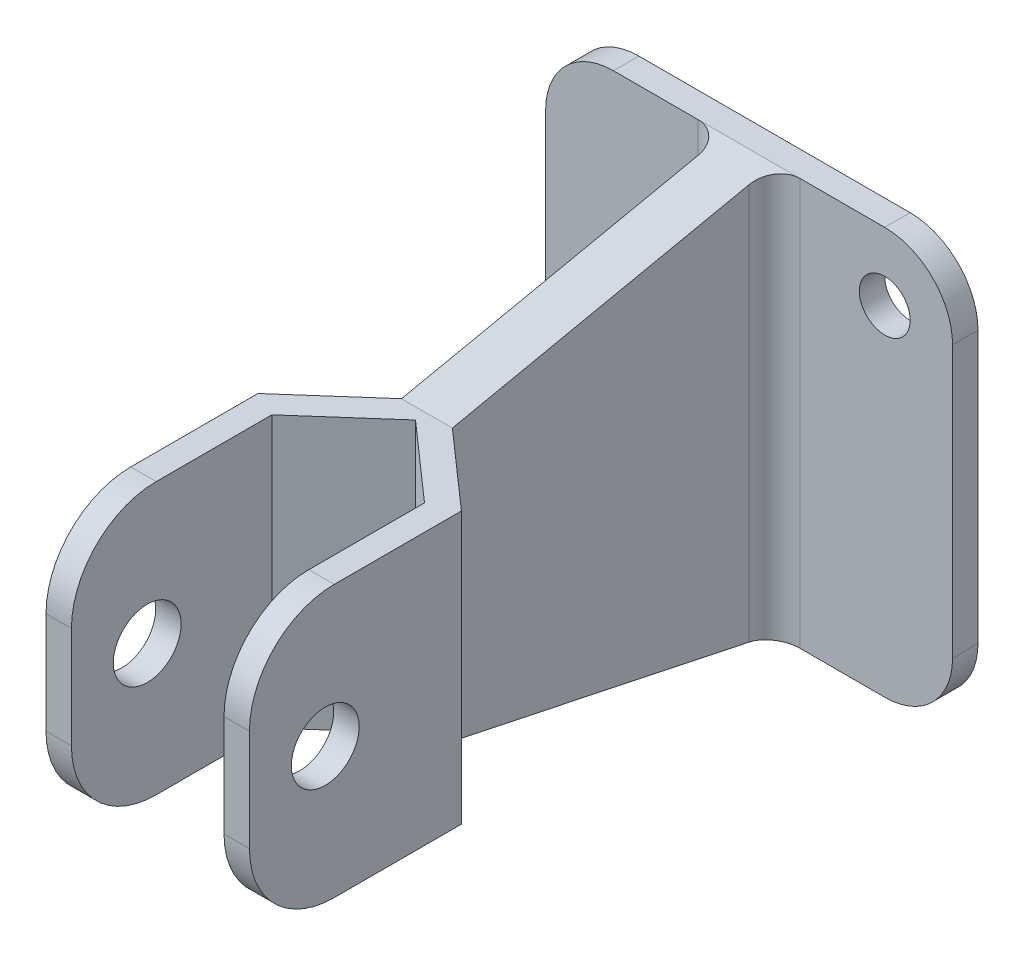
ISO-10303-21;
HEADER;
FILE_DESCRIPTION(('STEP AP214'),'2;1');
FILE_NAME('part.step','',(''),(''),'','','');
FILE_SCHEMA(('AUTOMOTIVE_DESIGN { 1 0 10303 214 1 1 1 1 }'));
ENDSEC;
DATA;
#1=APPLICATION_CONTEXT('core data for automotive mechanical design processes');
#2=APPLICATION_PROTOCOL_DEFINITION('international standard','automotive_design',2000,#1);
#3=PRODUCT_CONTEXT('',#1,'mechanical');
#4=PRODUCT('Part','Part','',(#3));
#5=PRODUCT_RELATED_PRODUCT_CATEGORY('part','',(#4));
#6=PRODUCT_DEFINITION_FORMATION('','',#4);
#7=PRODUCT_DEFINITION_CONTEXT('part definition',#1,'design');
#8=PRODUCT_DEFINITION('design','',#6,#7);
#9=PRODUCT_DEFINITION_SHAPE('','',#8);
#10=(LENGTH_UNIT() NAMED_UNIT(*) SI_UNIT(.MILLI.,.METRE.));
#11=(NAMED_UNIT(*) PLANE_ANGLE_UNIT() SI_UNIT($,.RADIAN.));
#12=(NAMED_UNIT(*) SI_UNIT($,.STERADIAN.) SOLID_ANGLE_UNIT());
#13=UNCERTAINTY_MEASURE_WITH_UNIT(LENGTH_MEASURE(1.E-05),#10,'distance_accuracy_value','');
#14=(GEOMETRIC_REPRESENTATION_CONTEXT(3) GLOBAL_UNCERTAINTY_ASSIGNED_CONTEXT((#13)) GLOBAL_UNIT_ASSIGNED_CONTEXT((#10,
#11,#12)) REPRESENTATION_CONTEXT('',''));
#15=CARTESIAN_POINT('',(0.,0.,0.));
#16=DIRECTION('',(0.,0.,1.));
#17=DIRECTION('',(1.,0.,0.));
#18=AXIS2_PLACEMENT_3D('',#15,#16,#17);
#19=CARTESIAN_POINT('',(0.,-48.,3.));
#20=DIRECTION('',(0.,0.,1.));
#21=DIRECTION('',(1.,0.,0.));
#22=AXIS2_PLACEMENT_3D('',#19,#20,#21);
#23=PLANE('',#22);
#24=CARTESIAN_POINT('',(8.00000000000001,-40.,3.));
#25=DIRECTION('',(0.,0.,1.));
#26=DIRECTION('',(1.,0.,0.));
#27=AXIS2_PLACEMENT_3D('',#24,#25,#26);
#28=CIRCLE('',#27,3.);
#29=CARTESIAN_POINT('',(11.,-40.,3.));
#30=VERTEX_POINT('',#29);
#31=EDGE_CURVE('E517',#30,#30,#28,.T.);
#32=ORIENTED_EDGE('',*,*,#31,.F.);
#33=EDGE_LOOP('',(#32));
#34=FACE_BOUND('',#33,.T.);
#35=DIRECTION('',(-1.,0.,0.));
#36=VECTOR('',#35,1.);
#37=CARTESIAN_POINT('',(0.,0.,3.));
#38=LINE('',#37,#36);
#39=CARTESIAN_POINT('',(18.,0.,3.));
#40=VERTEX_POINT('',#39);
#41=CARTESIAN_POINT('',(8.,0.,3.));
#42=VERTEX_POINT('',#41);
#43=EDGE_CURVE('E321',#40,#42,#38,.T.);
#44=ORIENTED_EDGE('',*,*,#43,.T.);
#45=CARTESIAN_POINT('',(8.,-8.,3.));
#46=DIRECTION('',(0.,0.,1.));
#47=DIRECTION('',(1.,0.,0.));
#48=AXIS2_PLACEMENT_3D('',#45,#46,#47);
#49=CIRCLE('',#48,8.);
#50=CARTESIAN_POINT('',(0.,-8.,3.));
#51=VERTEX_POINT('',#50);
#52=EDGE_CURVE('E11',#42,#51,#49,.T.);
#53=ORIENTED_EDGE('',*,*,#52,.T.);
#54=DIRECTION('',(0.,-1.,0.));
#55=VECTOR('',#54,1.);
#56=CARTESIAN_POINT('',(0.,0.,3.));
#57=LINE('',#56,#55);
#58=CARTESIAN_POINT('',(0.,-40.,3.));
#59=VERTEX_POINT('',#58);
#60=EDGE_CURVE('E343',#51,#59,#57,.T.);
#61=ORIENTED_EDGE('',*,*,#60,.T.);
#62=CARTESIAN_POINT('',(8.00000000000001,-40.,3.));
#63=DIRECTION('',(0.,0.,1.));
#64=DIRECTION('',(1.,0.,0.));
#65=AXIS2_PLACEMENT_3D('',#62,#63,#64);
#66=CIRCLE('',#65,8.);
#67=CARTESIAN_POINT('',(8.00000000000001,-48.,3.));
#68=VERTEX_POINT('',#67);
#69=EDGE_CURVE('E362',#59,#68,#66,.T.);
#70=ORIENTED_EDGE('',*,*,#69,.T.);
#71=DIRECTION('',(1.,0.,0.));
#72=VECTOR('',#71,1.);
#73=CARTESIAN_POINT('',(0.,-48.,3.));
#74=LINE('',#73,#72);
#75=CARTESIAN_POINT('',(18.,-48.,3.));
#76=VERTEX_POINT('',#75);
#77=EDGE_CURVE('E342',#68,#76,#74,.T.);
#78=ORIENTED_EDGE('',*,*,#77,.T.);
#79=DIRECTION('',(0.,1.,0.));
#80=VECTOR('',#79,1.);
#81=CARTESIAN_POINT('',(18.,-48.,3.));
#82=LINE('',#81,#80);
#83=EDGE_CURVE('E271',#76,#40,#82,.T.);
#84=ORIENTED_EDGE('',*,*,#83,.T.);
#85=EDGE_LOOP('',(#44,#53,#61,#70,#78,#84));
#86=FACE_BOUND('',#85,.T.);
#87=ADVANCED_FACE('F33',(#34,#86),#23,.T.);
#88=CARTESIAN_POINT('',(0.,0.,3.));
#89=DIRECTION('',(1.,0.,0.));
#90=DIRECTION('',(0.,1.,0.));
#91=AXIS2_PLACEMENT_3D('',#88,#89,#90);
#92=PLANE('',#91);
#93=ORIENTED_EDGE('',*,*,#60,.F.);
#94=DIRECTION('',(0.,0.,-1.));
#95=VECTOR('',#94,1.);
#96=CARTESIAN_POINT('',(0.,-8.,3.));
#97=LINE('',#96,#95);
#98=CARTESIAN_POINT('',(0.,-8.,0.));
#99=VERTEX_POINT('',#98);
#100=EDGE_CURVE('E364',#51,#99,#97,.T.);
#101=ORIENTED_EDGE('',*,*,#100,.T.);
#102=DIRECTION('',(0.,-1.,0.));
#103=VECTOR('',#102,1.);
#104=CARTESIAN_POINT('',(0.,0.,0.));
#105=LINE('',#104,#103);
#106=CARTESIAN_POINT('',(0.,-40.,0.));
#107=VERTEX_POINT('',#106);
#108=EDGE_CURVE('E370',#99,#107,#105,.T.);
#109=ORIENTED_EDGE('',*,*,#108,.T.);
#110=DIRECTION('',(0.,0.,-1.));
#111=VECTOR('',#110,1.);
#112=CARTESIAN_POINT('',(0.,-40.,3.));
#113=LINE('',#112,#111);
#114=EDGE_CURVE('E359',#107,#59,#113,.F.);
#115=ORIENTED_EDGE('',*,*,#114,.T.);
#116=EDGE_LOOP('',(#93,#101,#109,#115));
#117=FACE_BOUND('',#116,.T.);
#118=ADVANCED_FACE('F35',(#117),#92,.F.);
#119=CARTESIAN_POINT('',(0.,-48.,3.));
#120=DIRECTION('',(0.,1.,0.));
#121=DIRECTION('',(0.,0.,1.));
#122=AXIS2_PLACEMENT_3D('',#119,#120,#121);
#123=PLANE('',#122);
#124=ORIENTED_EDGE('',*,*,#77,.F.);
#125=DIRECTION('',(0.,0.,-1.));
#126=VECTOR('',#125,1.);
#127=CARTESIAN_POINT('',(8.00000000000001,-48.,3.));
#128=LINE('',#127,#126);
#129=CARTESIAN_POINT('',(8.00000000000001,-48.,0.));
#130=VERTEX_POINT('',#129);
#131=EDGE_CURVE('E353',#68,#130,#128,.T.);
#132=ORIENTED_EDGE('',*,*,#131,.T.);
#133=DIRECTION('',(1.,0.,0.));
#134=VECTOR('',#133,1.);
#135=CARTESIAN_POINT('',(0.,-48.,0.));
#136=LINE('',#135,#134);
#137=CARTESIAN_POINT('',(40.,-48.,0.));
#138=VERTEX_POINT('',#137);
#139=EDGE_CURVE('E376',#130,#138,#136,.T.);
#140=ORIENTED_EDGE('',*,*,#139,.T.);
#141=DIRECTION('',(0.,0.,-1.));
#142=VECTOR('',#141,1.);
#143=CARTESIAN_POINT('',(40.,-48.,3.));
#144=LINE('',#143,#142);
#145=CARTESIAN_POINT('',(40.,-48.,3.));
#146=VERTEX_POINT('',#145);
#147=EDGE_CURVE('E402',#138,#146,#144,.F.);
#148=ORIENTED_EDGE('',*,*,#147,.T.);
#149=CARTESIAN_POINT('',(30.,-48.,3.));
#150=VERTEX_POINT('',#149);
#151=EDGE_CURVE('E340',#150,#146,#74,.T.);
#152=ORIENTED_EDGE('',*,*,#151,.F.);
#153=DIRECTION('',(-1.,0.,0.));
#154=VECTOR('',#153,1.);
#155=CARTESIAN_POINT('',(27.,-48.,3.));
#156=LINE('',#155,#154);
#157=EDGE_CURVE('E377',#150,#76,#156,.T.);
#158=ORIENTED_EDGE('',*,*,#157,.T.);
#159=EDGE_LOOP('',(#124,#132,#140,#148,#152,#158));
#160=FACE_BOUND('',#159,.T.);
#161=ADVANCED_FACE('F393',(#160),#123,.F.);
#162=CARTESIAN_POINT('',(48.,0.,3.));
#163=DIRECTION('',(-1.,0.,0.));
#164=DIRECTION('',(0.,-1.,0.));
#165=AXIS2_PLACEMENT_3D('',#162,#163,#164);
#166=PLANE('',#165);
#167=DIRECTION('',(0.,1.,0.));
#168=VECTOR('',#167,1.);
#169=CARTESIAN_POINT('',(48.,0.,3.));
#170=LINE('',#169,#168);
#171=CARTESIAN_POINT('',(48.,-40.,3.));
#172=VERTEX_POINT('',#171);
#173=CARTESIAN_POINT('',(48.,-8.,3.));
#174=VERTEX_POINT('',#173);
#175=EDGE_CURVE('E326',#172,#174,#170,.T.);
#176=ORIENTED_EDGE('',*,*,#175,.F.);
#177=DIRECTION('',(0.,0.,-1.));
#178=VECTOR('',#177,1.);
#179=CARTESIAN_POINT('',(48.,-40.,3.));
#180=LINE('',#179,#178);
#181=CARTESIAN_POINT('',(48.,-40.,0.));
#182=VERTEX_POINT('',#181);
#183=EDGE_CURVE('E403',#172,#182,#180,.T.);
#184=ORIENTED_EDGE('',*,*,#183,.T.);
#185=DIRECTION('',(0.,1.,0.));
#186=VECTOR('',#185,1.);
#187=CARTESIAN_POINT('',(48.,0.,0.));
#188=LINE('',#187,#186);
#189=CARTESIAN_POINT('',(48.,-8.,0.));
#190=VERTEX_POINT('',#189);
#191=EDGE_CURVE('E379',#182,#190,#188,.T.);
#192=ORIENTED_EDGE('',*,*,#191,.T.);
#193=DIRECTION('',(0.,0.,-1.));
#194=VECTOR('',#193,1.);
#195=CARTESIAN_POINT('',(48.,-8.,3.));
#196=LINE('',#195,#194);
#197=EDGE_CURVE('E412',#190,#174,#196,.F.);
#198=ORIENTED_EDGE('',*,*,#197,.T.);
#199=EDGE_LOOP('',(#176,#184,#192,#198));
#200=FACE_BOUND('',#199,.T.);
#201=ADVANCED_FACE('F425',(#200),#166,.F.);
#202=CARTESIAN_POINT('',(0.,0.,3.));
#203=DIRECTION('',(0.,-1.,0.));
#204=DIRECTION('',(0.,0.,-1.));
#205=AXIS2_PLACEMENT_3D('',#202,#203,#204);
#206=PLANE('',#205);
#207=DIRECTION('',(-1.,0.,0.));
#208=VECTOR('',#207,1.);
#209=CARTESIAN_POINT('',(0.,0.,0.));
#210=LINE('',#209,#208);
#211=CARTESIAN_POINT('',(40.,0.,0.));
#212=VERTEX_POINT('',#211);
#213=CARTESIAN_POINT('',(8.,0.,0.));
#214=VERTEX_POINT('',#213);
#215=EDGE_CURVE('E384',#212,#214,#210,.T.);
#216=ORIENTED_EDGE('',*,*,#215,.T.);
#217=DIRECTION('',(0.,0.,-1.));
#218=VECTOR('',#217,1.);
#219=CARTESIAN_POINT('',(8.,0.,3.));
#220=LINE('',#219,#218);
#221=EDGE_CURVE('E41',#214,#42,#220,.F.);
#222=ORIENTED_EDGE('',*,*,#221,.T.);
#223=ORIENTED_EDGE('',*,*,#43,.F.);
#224=DIRECTION('',(-1.,0.,0.));
#225=VECTOR('',#224,1.);
#226=CARTESIAN_POINT('',(27.,0.,3.));
#227=LINE('',#226,#225);
#228=CARTESIAN_POINT('',(30.,0.,3.));
#229=VERTEX_POINT('',#228);
#230=EDGE_CURVE('E328',#229,#40,#227,.T.);
#231=ORIENTED_EDGE('',*,*,#230,.F.);
#232=CARTESIAN_POINT('',(40.,0.,3.));
#233=VERTEX_POINT('',#232);
#234=EDGE_CURVE('E317',#233,#229,#38,.T.);
#235=ORIENTED_EDGE('',*,*,#234,.F.);
#236=DIRECTION('',(0.,0.,-1.));
#237=VECTOR('',#236,1.);
#238=CARTESIAN_POINT('',(40.,0.,3.));
#239=LINE('',#238,#237);
#240=EDGE_CURVE('E316',#233,#212,#239,.T.);
#241=ORIENTED_EDGE('',*,*,#240,.T.);
#242=EDGE_LOOP('',(#216,#222,#223,#231,#235,#241));
#243=FACE_BOUND('',#242,.T.);
#244=ADVANCED_FACE('F418',(#243),#206,.F.);
#245=CARTESIAN_POINT('',(40.,-8.,3.));
#246=DIRECTION('',(0.,0.,1.));
#247=DIRECTION('',(1.,0.,0.));
#248=AXIS2_PLACEMENT_3D('',#245,#246,#247);
#249=CIRCLE('',#248,3.);
#250=CARTESIAN_POINT('',(43.,-8.,3.));
#251=VERTEX_POINT('',#250);
#252=EDGE_CURVE('E511',#251,#251,#249,.T.);
#253=ORIENTED_EDGE('',*,*,#252,.F.);
#254=EDGE_LOOP('',(#253));
#255=FACE_BOUND('',#254,.T.);
#256=ORIENTED_EDGE('',*,*,#151,.T.);
#257=CARTESIAN_POINT('',(40.,-40.,3.));
#258=DIRECTION('',(0.,0.,1.));
#259=DIRECTION('',(1.,0.,0.));
#260=AXIS2_PLACEMENT_3D('',#257,#258,#259);
#261=CIRCLE('',#260,8.);
#262=EDGE_CURVE('E351',#146,#172,#261,.T.);
#263=ORIENTED_EDGE('',*,*,#262,.T.);
#264=ORIENTED_EDGE('',*,*,#175,.T.);
#265=CARTESIAN_POINT('',(40.,-8.,3.));
#266=DIRECTION('',(0.,0.,1.));
#267=DIRECTION('',(1.,0.,0.));
#268=AXIS2_PLACEMENT_3D('',#265,#266,#267);
#269=CIRCLE('',#268,8.);
#270=EDGE_CURVE('E410',#174,#233,#269,.T.);
#271=ORIENTED_EDGE('',*,*,#270,.T.);
#272=ORIENTED_EDGE('',*,*,#234,.T.);
#273=DIRECTION('',(0.,1.,0.));
#274=VECTOR('',#273,1.);
#275=CARTESIAN_POINT('',(30.,-48.,3.));
#276=LINE('',#275,#274);
#277=EDGE_CURVE('E337',#229,#150,#276,.F.);
#278=ORIENTED_EDGE('',*,*,#277,.T.);
#279=EDGE_LOOP('',(#256,#263,#264,#271,#272,#278));
#280=FACE_BOUND('',#279,.T.);
#281=ADVANCED_FACE('F427',(#255,#280),#23,.T.);
#282=CARTESIAN_POINT('',(0.,-48.,0.));
#283=DIRECTION('',(0.,0.,1.));
#284=DIRECTION('',(1.,0.,0.));
#285=AXIS2_PLACEMENT_3D('',#282,#283,#284);
#286=PLANE('',#285);
#287=CARTESIAN_POINT('',(8.00000000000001,-40.,0.));
#288=DIRECTION('',(0.,0.,1.));
#289=DIRECTION('',(1.,0.,0.));
#290=AXIS2_PLACEMENT_3D('',#287,#288,#289);
#291=CIRCLE('',#290,3.);
#292=CARTESIAN_POINT('',(11.,-40.,0.));
#293=VERTEX_POINT('',#292);
#294=EDGE_CURVE('E514',#293,#293,#291,.T.);
#295=ORIENTED_EDGE('',*,*,#294,.T.);
#296=EDGE_LOOP('',(#295));
#297=FACE_BOUND('',#296,.T.);
#298=CARTESIAN_POINT('',(40.,-8.,0.));
#299=DIRECTION('',(0.,0.,1.));
#300=DIRECTION('',(1.,0.,0.));
#301=AXIS2_PLACEMENT_3D('',#298,#299,#300);
#302=CIRCLE('',#301,3.);
#303=CARTESIAN_POINT('',(43.,-8.,0.));
#304=VERTEX_POINT('',#303);
#305=EDGE_CURVE('E508',#304,#304,#302,.T.);
#306=ORIENTED_EDGE('',*,*,#305,.T.);
#307=EDGE_LOOP('',(#306));
#308=FACE_BOUND('',#307,.T.);
#309=ORIENTED_EDGE('',*,*,#108,.F.);
#310=CARTESIAN_POINT('',(8.,-8.,0.));
#311=DIRECTION('',(0.,0.,1.));
#312=DIRECTION('',(1.,0.,0.));
#313=AXIS2_PLACEMENT_3D('',#310,#311,#312);
#314=CIRCLE('',#313,8.);
#315=EDGE_CURVE('E55',#99,#214,#314,.F.);
#316=ORIENTED_EDGE('',*,*,#315,.T.);
#317=ORIENTED_EDGE('',*,*,#215,.F.);
#318=CARTESIAN_POINT('',(40.,-8.,0.));
#319=DIRECTION('',(0.,0.,1.));
#320=DIRECTION('',(1.,0.,0.));
#321=AXIS2_PLACEMENT_3D('',#318,#319,#320);
#322=CIRCLE('',#321,8.);
#323=EDGE_CURVE('E414',#212,#190,#322,.F.);
#324=ORIENTED_EDGE('',*,*,#323,.T.);
#325=ORIENTED_EDGE('',*,*,#191,.F.);
#326=CARTESIAN_POINT('',(40.,-40.,0.));
#327=DIRECTION('',(0.,0.,1.));
#328=DIRECTION('',(1.,0.,0.));
#329=AXIS2_PLACEMENT_3D('',#326,#327,#328);
#330=CIRCLE('',#329,8.);
#331=EDGE_CURVE('E396',#182,#138,#330,.F.);
#332=ORIENTED_EDGE('',*,*,#331,.T.);
#333=ORIENTED_EDGE('',*,*,#139,.F.);
#334=CARTESIAN_POINT('',(8.00000000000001,-40.,0.));
#335=DIRECTION('',(0.,0.,1.));
#336=DIRECTION('',(1.,0.,0.));
#337=AXIS2_PLACEMENT_3D('',#334,#335,#336);
#338=CIRCLE('',#337,8.);
#339=EDGE_CURVE('E356',#130,#107,#338,.F.);
#340=ORIENTED_EDGE('',*,*,#339,.T.);
#341=EDGE_LOOP('',(#309,#316,#317,#324,#325,#332,#333,#340));
#342=FACE_BOUND('',#341,.T.);
#343=ADVANCED_FACE('F373',(#297,#308,#342),#286,.F.);
#344=CARTESIAN_POINT('',(27.,-40.,41.));
#345=DIRECTION('',(0.,0.978549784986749,-0.206010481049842));
#346=DIRECTION('',(0.,0.206010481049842,0.978549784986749));
#347=AXIS2_PLACEMENT_3D('',#344,#345,#346);
#348=PLANE('',#347);
#349=DIRECTION('',(-1.,0.,0.));
#350=VECTOR('',#349,1.);
#351=CARTESIAN_POINT('',(27.,-40.,41.));
#352=LINE('',#351,#350);
#353=CARTESIAN_POINT('',(27.,-40.,41.));
#354=VERTEX_POINT('',#353);
#355=CARTESIAN_POINT('',(21.,-40.,41.));
#356=VERTEX_POINT('',#355);
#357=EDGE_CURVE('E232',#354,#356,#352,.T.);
○ ○ ○ ○
WHAT YOU WILL DO: Give back the records above exactly, limited to the lines between the one holding "#188=LINE('',#187,#186);" and the one holding "#216=ORIENTED_EDGE('',*,*,#215,.T.);", inclusive.

SOLUTION TO THE PROBLEM:
#188=LINE('',#187,#186);
#189=CARTESIAN_POINT('',(48.,-8.,0.));
#190=VERTEX_POINT('',#189);
#191=EDGE_CURVE('E379',#182,#190,#188,.T.);
#192=ORIENTED_EDGE('',*,*,#191,.T.);
#193=DIRECTION('',(0.,0.,-1.));
#194=VECTOR('',#193,1.);
#195=CARTESIAN_POINT('',(48.,-8.,3.));
#196=LINE('',#195,#194);
#197=EDGE_CURVE('E412',#190,#174,#196,.F.);
#198=ORIENTED_EDGE('',*,*,#197,.T.);
#199=EDGE_LOOP('',(#176,#184,#192,#198));
#200=FACE_BOUND('',#199,.T.);
#201=ADVANCED_FACE('F425',(#200),#166,.F.);
#202=CARTESIAN_POINT('',(0.,0.,3.));
#203=DIRECTION('',(0.,-1.,0.));
#204=DIRECTION('',(0.,0.,-1.));
#205=AXIS2_PLACEMENT_3D('',#202,#203,#204);
#206=PLANE('',#205);
#207=DIRECTION('',(-1.,0.,0.));
#208=VECTOR('',#207,1.);
#209=CARTESIAN_POINT('',(0.,0.,0.));
#210=LINE('',#209,#208);
#211=CARTESIAN_POINT('',(40.,0.,0.));
#212=VERTEX_POINT('',#211);
#213=CARTESIAN_POINT('',(8.,0.,0.));
#214=VERTEX_POINT('',#213);
#215=EDGE_CURVE('E384',#212,#214,#210,.T.);
#216=ORIENTED_EDGE('',*,*,#215,.T.);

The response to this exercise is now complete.